» EXERCISE DETAILS
Check every line below, and copy those that include "units".

#### RAW DATA

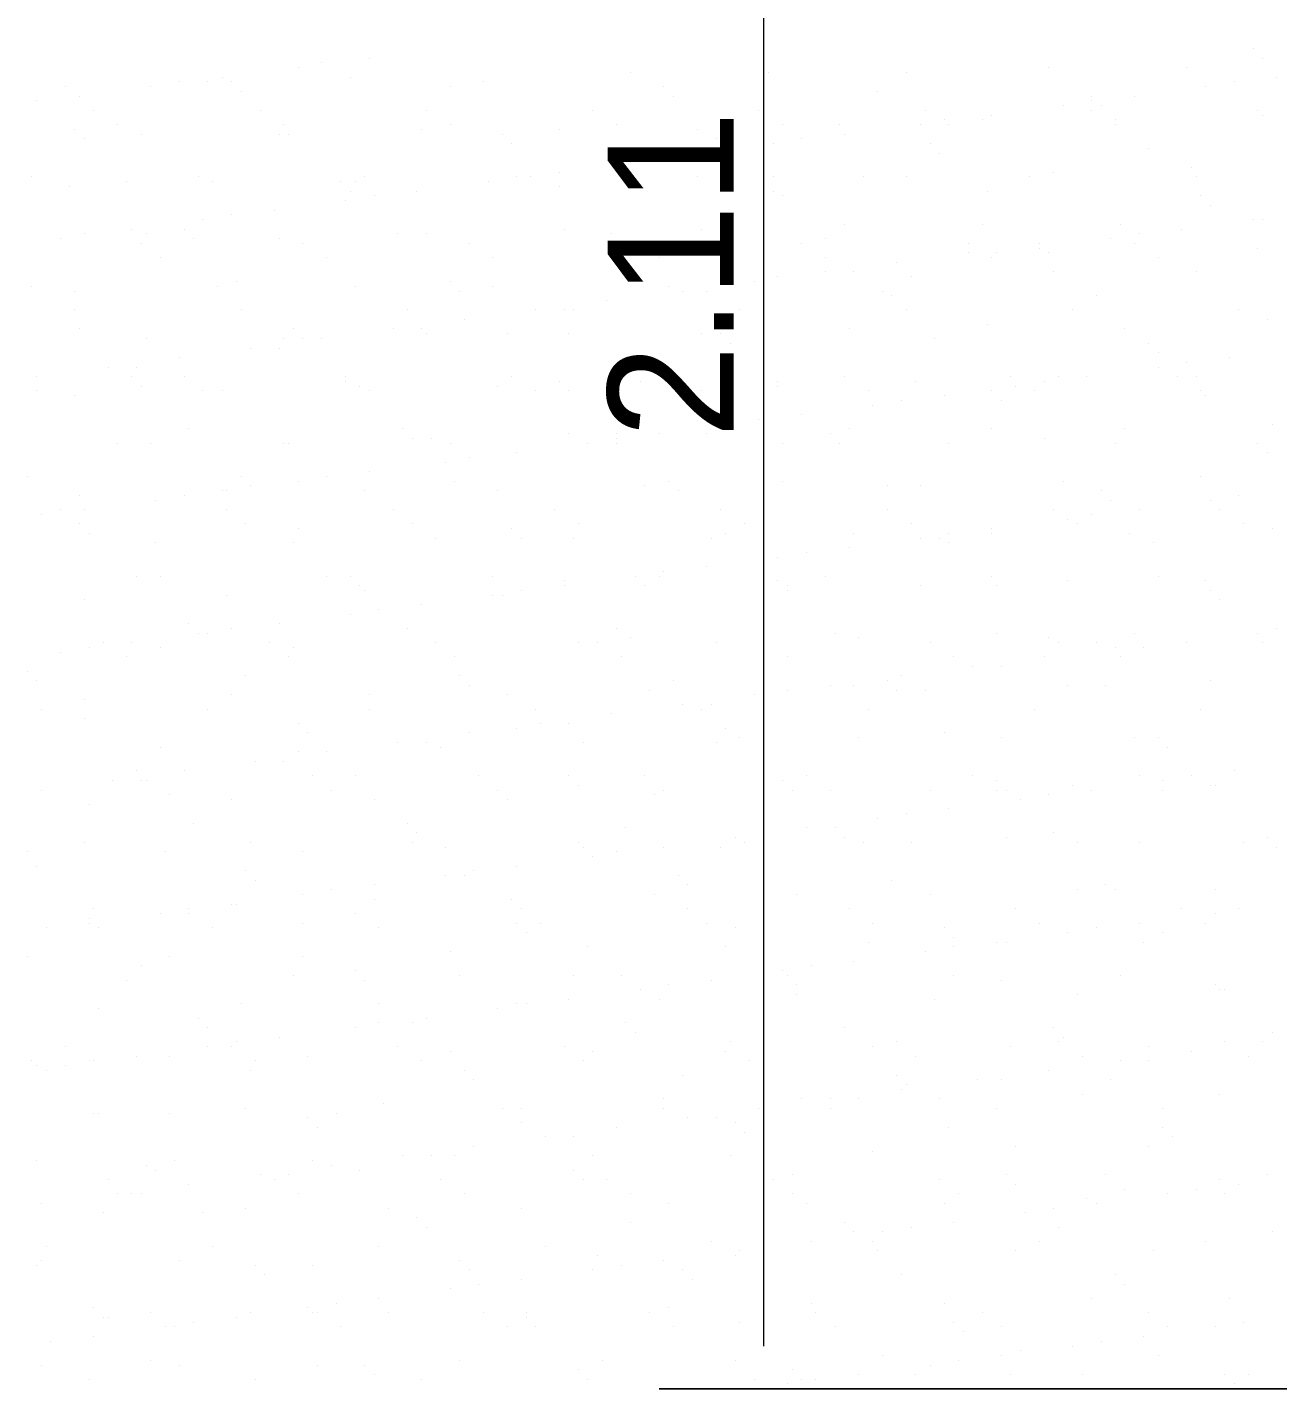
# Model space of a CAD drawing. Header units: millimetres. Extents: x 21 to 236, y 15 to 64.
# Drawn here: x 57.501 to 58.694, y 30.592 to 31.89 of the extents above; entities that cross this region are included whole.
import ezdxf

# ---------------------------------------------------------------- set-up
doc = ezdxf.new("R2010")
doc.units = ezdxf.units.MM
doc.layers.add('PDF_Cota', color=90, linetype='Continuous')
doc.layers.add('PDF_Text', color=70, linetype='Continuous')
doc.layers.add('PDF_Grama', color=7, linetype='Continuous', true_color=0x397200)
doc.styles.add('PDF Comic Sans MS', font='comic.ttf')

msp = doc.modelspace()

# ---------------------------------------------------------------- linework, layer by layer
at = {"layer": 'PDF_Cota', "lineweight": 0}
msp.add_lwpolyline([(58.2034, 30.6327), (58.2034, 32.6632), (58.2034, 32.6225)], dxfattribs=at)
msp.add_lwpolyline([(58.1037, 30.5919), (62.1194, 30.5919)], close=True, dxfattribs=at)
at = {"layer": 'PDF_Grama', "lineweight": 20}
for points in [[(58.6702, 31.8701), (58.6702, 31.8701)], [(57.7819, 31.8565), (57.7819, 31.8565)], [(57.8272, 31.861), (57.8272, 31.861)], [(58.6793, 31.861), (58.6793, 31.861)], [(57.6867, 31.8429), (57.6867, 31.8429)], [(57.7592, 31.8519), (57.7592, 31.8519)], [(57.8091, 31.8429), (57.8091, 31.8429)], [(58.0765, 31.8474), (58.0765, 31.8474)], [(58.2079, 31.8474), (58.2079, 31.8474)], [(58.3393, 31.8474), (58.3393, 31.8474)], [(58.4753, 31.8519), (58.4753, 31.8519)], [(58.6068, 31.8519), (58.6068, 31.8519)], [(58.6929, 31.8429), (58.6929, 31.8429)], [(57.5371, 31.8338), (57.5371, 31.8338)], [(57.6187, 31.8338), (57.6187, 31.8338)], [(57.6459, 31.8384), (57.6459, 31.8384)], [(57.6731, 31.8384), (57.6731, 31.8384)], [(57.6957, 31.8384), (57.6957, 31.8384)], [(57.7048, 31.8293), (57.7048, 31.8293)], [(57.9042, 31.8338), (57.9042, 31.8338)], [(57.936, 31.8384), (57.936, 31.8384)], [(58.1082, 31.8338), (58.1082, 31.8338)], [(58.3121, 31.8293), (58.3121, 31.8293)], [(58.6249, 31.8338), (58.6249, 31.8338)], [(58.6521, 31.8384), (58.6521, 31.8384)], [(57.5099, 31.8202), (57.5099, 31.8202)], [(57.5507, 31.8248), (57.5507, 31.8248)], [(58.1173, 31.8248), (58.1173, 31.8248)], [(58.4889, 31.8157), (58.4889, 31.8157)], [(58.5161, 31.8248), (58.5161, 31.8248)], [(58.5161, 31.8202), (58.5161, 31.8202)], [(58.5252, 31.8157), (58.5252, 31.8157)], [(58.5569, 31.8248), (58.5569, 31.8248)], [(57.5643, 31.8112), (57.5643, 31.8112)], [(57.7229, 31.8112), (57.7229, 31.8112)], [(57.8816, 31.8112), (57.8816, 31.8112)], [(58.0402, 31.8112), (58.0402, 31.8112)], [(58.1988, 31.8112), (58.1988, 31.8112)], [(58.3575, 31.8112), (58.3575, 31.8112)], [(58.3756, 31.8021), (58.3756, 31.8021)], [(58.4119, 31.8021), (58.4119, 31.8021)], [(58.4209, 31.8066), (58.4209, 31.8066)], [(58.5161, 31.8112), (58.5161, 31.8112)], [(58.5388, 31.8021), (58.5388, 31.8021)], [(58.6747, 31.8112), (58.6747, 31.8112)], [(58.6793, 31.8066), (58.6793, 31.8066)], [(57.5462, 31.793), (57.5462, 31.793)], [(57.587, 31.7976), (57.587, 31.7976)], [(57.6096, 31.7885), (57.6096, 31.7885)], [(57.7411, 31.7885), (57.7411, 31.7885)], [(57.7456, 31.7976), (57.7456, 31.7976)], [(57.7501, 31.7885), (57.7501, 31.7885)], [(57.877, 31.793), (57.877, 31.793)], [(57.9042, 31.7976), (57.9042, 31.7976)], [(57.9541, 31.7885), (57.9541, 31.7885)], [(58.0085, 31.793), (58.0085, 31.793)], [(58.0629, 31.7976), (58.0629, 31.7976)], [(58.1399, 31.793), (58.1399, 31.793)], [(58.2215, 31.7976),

########

» TASK RESULT
# Model space of a CAD drawing. Header units: millimetres. Extents: x 21 to 236, y 15 to 64.
doc.units = ezdxf.units.MM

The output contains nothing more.